*Instructions for the task:*
Reproduce verbatim the lines of the material below, starting at the line with "Saved by Autodesk" and ending at the line with "Surface Area: 2.33959 cm^2", both inclusive; skip the rest.

*Records for this task:*

>>>>>

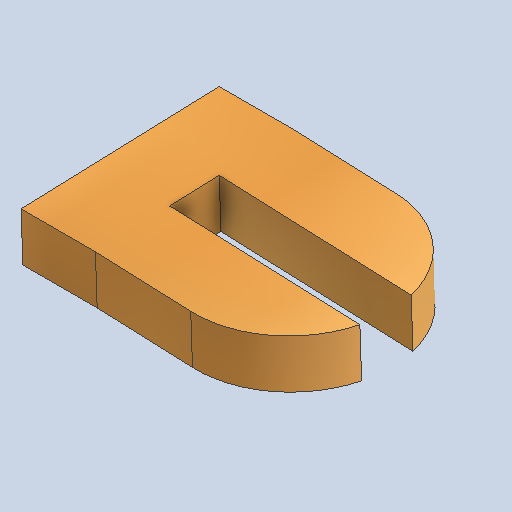
# Autodesk Inventor part: aux_nose_side_bracket
Saved by Autodesk Inventor 2022 (Build 260153070, 153G)
## iProperties
Created: 2021-04-29
Part Number: aux_nose_side_bracket
Material: Plywood, Sheathing, Glazed
Document SubType Name: Modeling
Designer: kardo
Density: 0.75 g/cm^3
Appearance: Plywood - New(2)
Mass: 0.0991298 g
Surface Area: 2.33959 cm^2
Volume: 0.132173 cm^3
Author: kardo
Autodesk Inventor part; units mm, degrees
ref_plane "YZ Plane" through (0, 0, 0) normal (1, 0, 0) x (0, 1, 0)
ref_plane "XZ Plane" through (0, 0, 0) normal (0, 1, 0) x (-1, 0, 0)
ref_plane "XY Plane" through (0, 0, 0) normal (0, 0, 1) x (1, 0, 0)
derived "frame_outline.ipt"
sketch "joints" plane through (81, 0, 0) normal (1, 0, 0) x (0, 1, 0)
  line L0 (-37.9005, 25.6108) -> (-277.6703, 19.7906) construction
  line L1 (94.8, 28.832) -> (28.4595, 27.2216) construction
  line L2 (28.4595, 27.2216) -> (-37.9005, 25.6108) construction
  line L3 (-363, 18.496) -> (-297.6664, 19.4083) construction
  line L4 (-121, 716.7765) -> (-121, -158.9765) construction
  line L5 (-242, 716.7765) -> (-242, -158.9765) construction
  line L6 (237, 716.7765) -> (237, -158.9765) construction
  line L7 (-363, 716.7765) -> (-363, -158.9765) construction
  line L8 (143.2909, -175.9483) -> (77.9563, 758.3799) construction
  line L9 (0, 0) -> (130.35, 9.115) construction
  line L10 (0, 716.7765) -> (0, -158.9765) construction
  line L11 (-242, 46.7048) -> (-242, 33.6806) construction
  line L12 (-242, 33.6806) -> (-242, 20.6564) construction
  line L13 (-363, 38.08) -> (-363, 28.288) construction
  line L14 (-363, 28.288) -> (-363, 18.496) construction
  line L15 (-121, 51.5188) -> (-121, 37.5562) construction
  line L16 (-121, 37.5562) -> (-121, 23.5936) construction
  line L17 (0, 54.4) -> (0, 40.4654) construction
  line L18 (0, 40.4654) -> (0, 26.5308) construction
  line L19 (94.8, 37.536) -> (94.8, 33.184) construction
  line L20 (94.8, 33.184) -> (94.8, 28.832) construction
  line L21 (94.8, 37.536) -> (94.8, 28.832) construction
  line L22 (130.35, 9.115) -> (129.7793, 17.2757) construction
  line L23 (129.7793, 17.2757) -> (129.2087, 25.4364) construction
  line L24 (129.2087, 25.4364) -> (128.638, 33.5972) construction
  line L25 (128.638, 33.5972) -> (128.0674, 41.7579) construction
  line L26 (128.0674, 41.7579) -> (127.4967, 49.9186) construction
  spline S0 degree 3 poles (-363, 38.08) (-277.2033, 46.9603) (-131.9759, 52.0964) (0, 54.4) knots 0 0 0 0 1 1 1 1 construction
  spline S1 degree 3 poles (-297.6664, 19.4083) (-291.0004, 19.5014) (-284.3349, 19.6288) (-277.6703, 19.7906) knots 0 0 0 0 1 1 1 1 construction
  spline S2 degree 4 poles (0, 54.4) (23.3745, 54.808) (84.9613, 55.883) (149.0088, 47.5461) (201.9993, 42.6196) (237, 36.448) knots 0 0 0 0 0 0.379537 1 1 1 1 1 construction
  spline S3 degree 3 poles (130.35, 9.115) (172.0992, 12.0344) (220.2053, 21.9532) (237, 36.448) knots 0 0 0 0 1 1 1 1 construction
sketch "joints_nose" plane through (84, 0, 0) normal (1, 0, 0) x (0, 1, 0)
  line L0 (129.046, 27.7634) -> (235.7442, 35.2245) construction
  line L1 (128.6952, 32.7794) -> (236.1697, 36.5325) construction
  line L2 (195.9322, 35.1273) -> (196.0258, 32.4471) construction
  line L3 (196.2351, 29.4544) -> (196.0258, 32.4471)
  line L4 (196.0258, 32.4471) -> (195.8863, 34.4422)
  line L5 (195.8863, 34.4422) -> (195.677, 37.4349)
  line L6 (203.8226, 38.4047) -> (203.9273, 35.4065)
  line L7 (203.9971, 33.4077) -> (204.1018, 30.4096)
  line L8 (203.9273, 35.4065) -> (203.9971, 33.4077)
  point P0 (0, 0)
ref_plane "plane_sponson_edge_side" through (81, 0, 28.1718) normal (0.0377663, 0.0348746, -0.9986779) x (0, 0.9993908, 0.0348995)
ref_plane "plane_stringer_outer" through (84, 0, 0) normal (1, 0, 0) x (0, 1, 0)
sketch "Sketch3" plane through (84, 0, 0) normal (1, 0, 0) x (0, 1, 0)
  line L0 (204.1018, 30.4096) -> (203.8226, 38.4047)
  line L1 (203.8226, 38.4047) -> (201.8239, 38.3349)
  line L2 (201.8239, 38.3349) -> (202.103, 30.3398)
  line L3 (202.103, 30.3398) -> (204.1018, 30.4096)
  point P0 (0, 0)
  dimension "d10" = 2
  constraints: 8 end point, 2 parallel, 1 perpendicular
  measures "d10" distance of L0.end L1.end
extrude "Extrusion1" add sketch "Sketch3" against normal blind 3
sketch "Sketch6" plane through (81, 204.1018, 30.4096) normal (0, 0.9993908, 0.0348995) x (1, 0, 0)
  line L0 (3, 0) -> (3, -8) projected
  line L1 (3, 0) -> (0, 0) projected
  line L2 (0, -8) -> (0, 0) projected
  line L3 (3, -8) -> (0, -8) projected
  line L4 (-101.3104, -1.0578) -> (32.0227, -6.0969) projected
  line L5 (3, 0) -> (3, -8) projected
  line L6 (3, -8) -> (10.9943, -8.3021)
  line L7 (10.9943, -8.3021) -> (11.2962, -0.3135)
  line L8 (11.2962, -0.3135) -> (3, 0)
  point P0 (-81, 23.268)
  constraints: 6 end point, 2 parallel, 1 equal length, 1 perpendicular
extrude "Extrusion4" add sketch "Sketch6" against normal up to surface (2 mm away) contours L8 L7 L4 L0 | L4 L7 L6 L0
full round fillet "Full Round Fillet2" first side at (89.3295, 202.4831, 38.5595) centre faces at (92.0949, 202.5725, 35.9989) second side at (89.5308, 203.4283, 30.5952)
sketch "Sketch7" plane through (81, 204.1018, 30.4096) normal (0, 0.9993908, 0.0348995) x (1, 0, 0)
  line L0 (-101.3104, -1.0578) -> (32.0227, -6.0969) projected
  arc A0 (7, -8.1512) -> (7.3019, -0.1626) centre (7.151, -4.1569) ccw projected
  line L1 (11.0558, -3.303) -> (3, -2.9986)
  line L2 (3, -2.9986) -> (3, -5)
  point P0 (-81, 23.268)
  point P1 (3, -8)
  point P2 (3, 0)
  point P3 (10.9807, -5.3016)
  dimension "d14" = 2
  constraints: 4 end point, 3 point on line, 1 parallel, 1 point on circle
  measures "d14" distance between parallel lines of L0 L1
extrude "Extrusion5" cut sketch "Sketch7" along normal through all both and the other way through all
equation "\"d10\" = bulkhead_thickness"
equation "\"d3\" = stringer_thickness"
equation "\"d11\" = stringer_thickness"
equation "\"d14\" = bulkhead_thickness"
equation "\"bulkhead_thickness\" = 2"
equation "\"stringer_thickness\" = 3"
body "Solid1"

<<<<<

*Response:*
Saved by Autodesk Inventor 2022 (Build 260153070, 153G)
## iProperties
Created: 2021-04-29
Part Number: aux_nose_side_bracket
Material: Plywood, Sheathing, Glazed
Document SubType Name: Modeling
Designer: kardo
Density: 0.75 g/cm^3
Appearance: Plywood - New(2)
Mass: 0.0991298 g
Surface Area: 2.33959 cm^2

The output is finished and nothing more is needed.